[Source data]
+++

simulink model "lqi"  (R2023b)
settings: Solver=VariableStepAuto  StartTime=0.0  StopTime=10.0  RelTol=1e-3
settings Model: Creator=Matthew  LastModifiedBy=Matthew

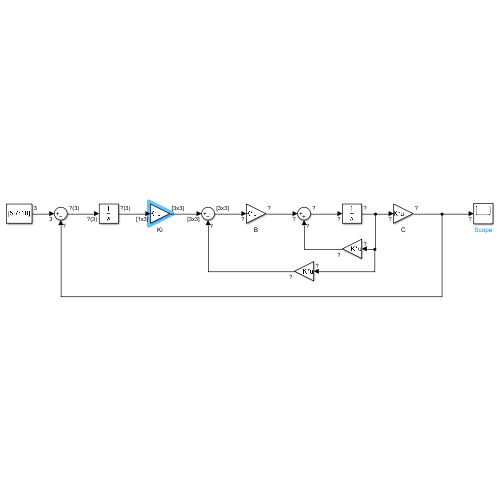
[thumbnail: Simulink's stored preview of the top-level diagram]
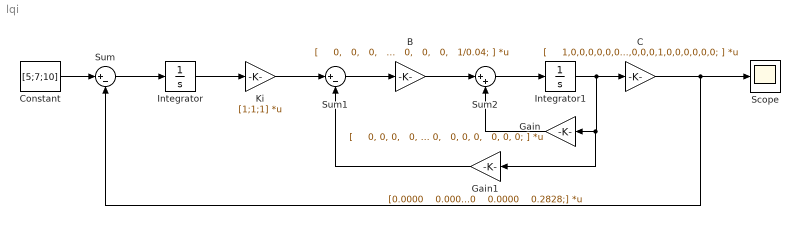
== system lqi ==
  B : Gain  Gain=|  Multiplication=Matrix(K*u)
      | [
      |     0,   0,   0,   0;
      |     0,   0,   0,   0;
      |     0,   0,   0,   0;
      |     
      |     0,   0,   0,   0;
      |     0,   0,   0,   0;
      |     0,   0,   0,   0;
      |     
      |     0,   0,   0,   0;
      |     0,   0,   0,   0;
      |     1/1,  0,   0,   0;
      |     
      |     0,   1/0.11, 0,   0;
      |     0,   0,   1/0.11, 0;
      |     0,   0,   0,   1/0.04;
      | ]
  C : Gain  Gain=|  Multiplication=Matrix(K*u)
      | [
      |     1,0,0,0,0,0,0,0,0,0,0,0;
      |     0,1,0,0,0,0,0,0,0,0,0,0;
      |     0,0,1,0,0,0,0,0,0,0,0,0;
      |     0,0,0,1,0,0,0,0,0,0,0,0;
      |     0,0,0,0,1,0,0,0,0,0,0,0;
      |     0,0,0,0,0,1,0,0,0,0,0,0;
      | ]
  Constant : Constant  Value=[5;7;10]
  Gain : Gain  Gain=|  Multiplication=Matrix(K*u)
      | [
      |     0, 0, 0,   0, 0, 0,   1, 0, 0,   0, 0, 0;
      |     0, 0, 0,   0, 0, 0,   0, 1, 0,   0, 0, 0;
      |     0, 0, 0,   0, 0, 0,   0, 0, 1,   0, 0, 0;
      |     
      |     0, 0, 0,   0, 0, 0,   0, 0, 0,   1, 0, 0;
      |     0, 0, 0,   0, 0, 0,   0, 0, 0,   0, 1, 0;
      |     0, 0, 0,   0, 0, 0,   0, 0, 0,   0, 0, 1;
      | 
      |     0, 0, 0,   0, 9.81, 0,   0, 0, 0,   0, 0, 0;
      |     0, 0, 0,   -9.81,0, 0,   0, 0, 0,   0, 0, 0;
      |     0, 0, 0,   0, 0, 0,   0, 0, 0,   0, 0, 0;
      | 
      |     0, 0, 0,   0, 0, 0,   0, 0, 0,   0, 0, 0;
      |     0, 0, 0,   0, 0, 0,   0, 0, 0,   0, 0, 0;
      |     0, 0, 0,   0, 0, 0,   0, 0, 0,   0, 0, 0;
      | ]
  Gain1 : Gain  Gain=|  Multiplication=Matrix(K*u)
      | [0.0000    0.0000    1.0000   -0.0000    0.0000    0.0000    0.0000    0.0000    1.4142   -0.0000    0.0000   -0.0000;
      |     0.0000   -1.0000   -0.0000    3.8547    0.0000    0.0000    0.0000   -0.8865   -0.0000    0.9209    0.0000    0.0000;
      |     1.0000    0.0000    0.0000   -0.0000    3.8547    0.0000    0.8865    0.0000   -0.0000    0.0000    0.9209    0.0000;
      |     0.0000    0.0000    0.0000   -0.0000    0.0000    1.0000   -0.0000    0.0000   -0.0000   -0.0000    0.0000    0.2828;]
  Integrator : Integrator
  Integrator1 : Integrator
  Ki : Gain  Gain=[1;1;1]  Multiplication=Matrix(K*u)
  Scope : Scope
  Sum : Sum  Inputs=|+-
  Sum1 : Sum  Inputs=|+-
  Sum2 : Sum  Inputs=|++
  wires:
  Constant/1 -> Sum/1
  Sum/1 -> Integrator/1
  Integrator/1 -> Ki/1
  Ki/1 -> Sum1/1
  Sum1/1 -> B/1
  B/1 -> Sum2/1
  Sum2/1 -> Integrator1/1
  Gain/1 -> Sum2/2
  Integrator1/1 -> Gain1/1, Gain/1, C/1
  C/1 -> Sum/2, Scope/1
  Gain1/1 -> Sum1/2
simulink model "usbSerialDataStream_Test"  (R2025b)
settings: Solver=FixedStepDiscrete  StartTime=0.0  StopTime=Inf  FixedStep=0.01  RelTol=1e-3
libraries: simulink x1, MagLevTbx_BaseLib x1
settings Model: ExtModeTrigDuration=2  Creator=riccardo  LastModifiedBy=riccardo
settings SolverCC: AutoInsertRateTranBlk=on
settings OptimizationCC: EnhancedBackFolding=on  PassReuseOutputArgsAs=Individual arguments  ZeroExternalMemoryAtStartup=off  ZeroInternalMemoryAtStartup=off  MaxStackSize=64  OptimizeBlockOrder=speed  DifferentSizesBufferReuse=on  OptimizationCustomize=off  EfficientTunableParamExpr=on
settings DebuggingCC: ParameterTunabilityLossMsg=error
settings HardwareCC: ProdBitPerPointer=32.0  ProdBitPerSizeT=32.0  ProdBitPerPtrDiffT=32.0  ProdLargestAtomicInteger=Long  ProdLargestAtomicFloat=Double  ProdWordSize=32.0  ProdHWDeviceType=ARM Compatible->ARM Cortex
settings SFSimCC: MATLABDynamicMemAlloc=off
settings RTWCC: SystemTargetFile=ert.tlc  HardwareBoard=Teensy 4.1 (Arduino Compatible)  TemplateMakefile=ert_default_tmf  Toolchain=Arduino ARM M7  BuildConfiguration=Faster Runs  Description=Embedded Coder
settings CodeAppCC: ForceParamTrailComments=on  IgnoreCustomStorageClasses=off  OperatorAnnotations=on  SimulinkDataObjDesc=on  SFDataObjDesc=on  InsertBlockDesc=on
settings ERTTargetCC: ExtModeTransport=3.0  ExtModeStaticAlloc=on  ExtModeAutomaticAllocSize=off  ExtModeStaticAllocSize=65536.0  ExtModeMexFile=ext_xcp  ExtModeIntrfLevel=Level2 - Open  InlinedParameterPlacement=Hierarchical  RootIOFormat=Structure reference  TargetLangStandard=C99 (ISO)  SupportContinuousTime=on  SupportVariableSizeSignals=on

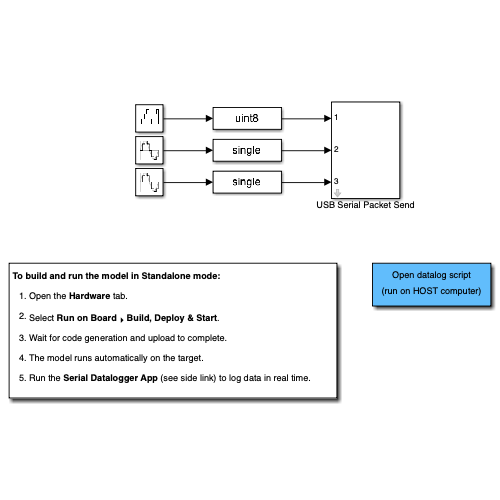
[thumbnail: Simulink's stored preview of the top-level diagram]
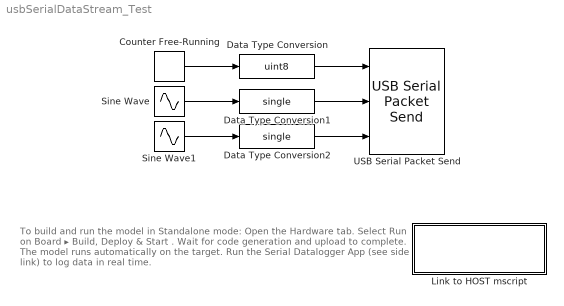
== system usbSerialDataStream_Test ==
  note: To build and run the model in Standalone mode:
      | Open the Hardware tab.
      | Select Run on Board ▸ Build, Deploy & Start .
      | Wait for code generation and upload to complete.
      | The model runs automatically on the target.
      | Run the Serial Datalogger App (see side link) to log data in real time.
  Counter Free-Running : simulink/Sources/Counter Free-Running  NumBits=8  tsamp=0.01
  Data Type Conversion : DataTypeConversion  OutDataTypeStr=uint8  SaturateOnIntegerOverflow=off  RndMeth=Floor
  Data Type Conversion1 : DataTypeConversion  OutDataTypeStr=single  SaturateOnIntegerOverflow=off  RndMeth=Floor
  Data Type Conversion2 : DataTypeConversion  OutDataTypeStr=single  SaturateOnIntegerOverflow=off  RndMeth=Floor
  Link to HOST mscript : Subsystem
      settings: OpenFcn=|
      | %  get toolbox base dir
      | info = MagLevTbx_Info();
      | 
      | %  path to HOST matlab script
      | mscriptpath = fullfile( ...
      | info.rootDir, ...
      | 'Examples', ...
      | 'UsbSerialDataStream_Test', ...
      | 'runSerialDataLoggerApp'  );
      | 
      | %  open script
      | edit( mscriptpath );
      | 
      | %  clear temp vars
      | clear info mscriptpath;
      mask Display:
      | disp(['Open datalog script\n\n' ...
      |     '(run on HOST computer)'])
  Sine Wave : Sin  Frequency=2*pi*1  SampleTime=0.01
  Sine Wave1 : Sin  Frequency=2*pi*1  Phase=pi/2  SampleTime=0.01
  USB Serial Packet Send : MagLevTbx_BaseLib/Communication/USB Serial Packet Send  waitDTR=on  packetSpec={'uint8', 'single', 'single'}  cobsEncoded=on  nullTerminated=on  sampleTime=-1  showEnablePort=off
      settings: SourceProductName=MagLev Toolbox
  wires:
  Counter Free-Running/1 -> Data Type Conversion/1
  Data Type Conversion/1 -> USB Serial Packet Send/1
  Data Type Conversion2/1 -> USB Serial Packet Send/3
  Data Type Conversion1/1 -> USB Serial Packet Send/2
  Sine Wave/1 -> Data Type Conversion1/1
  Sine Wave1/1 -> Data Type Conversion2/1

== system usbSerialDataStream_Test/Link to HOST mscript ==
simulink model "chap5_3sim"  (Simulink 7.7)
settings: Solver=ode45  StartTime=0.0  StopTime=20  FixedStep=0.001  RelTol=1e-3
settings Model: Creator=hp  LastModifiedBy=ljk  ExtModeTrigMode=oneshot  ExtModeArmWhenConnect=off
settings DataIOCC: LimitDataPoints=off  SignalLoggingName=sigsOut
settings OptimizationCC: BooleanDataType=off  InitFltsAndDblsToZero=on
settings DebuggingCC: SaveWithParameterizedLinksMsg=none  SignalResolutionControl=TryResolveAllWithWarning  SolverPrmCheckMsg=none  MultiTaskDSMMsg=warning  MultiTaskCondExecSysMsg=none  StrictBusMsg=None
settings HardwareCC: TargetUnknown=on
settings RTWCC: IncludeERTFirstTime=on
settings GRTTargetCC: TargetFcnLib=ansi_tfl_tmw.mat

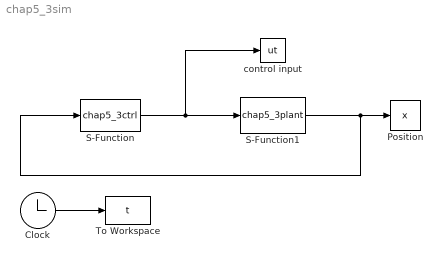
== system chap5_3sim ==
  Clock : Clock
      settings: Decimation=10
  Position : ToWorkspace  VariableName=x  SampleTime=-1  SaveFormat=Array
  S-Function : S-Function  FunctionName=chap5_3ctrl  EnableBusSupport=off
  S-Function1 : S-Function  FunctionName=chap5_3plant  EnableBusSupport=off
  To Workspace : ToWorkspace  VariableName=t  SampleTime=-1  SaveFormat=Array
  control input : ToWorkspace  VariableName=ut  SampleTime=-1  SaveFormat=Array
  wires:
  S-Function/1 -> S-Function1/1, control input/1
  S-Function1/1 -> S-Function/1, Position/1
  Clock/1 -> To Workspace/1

+++

## Problem statement
Only the lines above from the line with "mscriptpath = fullfile( ..." to the line with "on HOST computer)'])", those two lines included, should be reproduced exactly.

## Solution to this task
      | mscriptpath = fullfile( ...
      | info.rootDir, ...
      | 'Examples', ...
      | 'UsbSerialDataStream_Test', ...
      | 'runSerialDataLoggerApp'  );
      | 
      | %  open script
      | edit( mscriptpath );
      | 
      | %  clear temp vars
      | clear info mscriptpath;
      mask Display:
      | disp(['Open datalog script\n\n' ...
      |     '(run on HOST computer)'])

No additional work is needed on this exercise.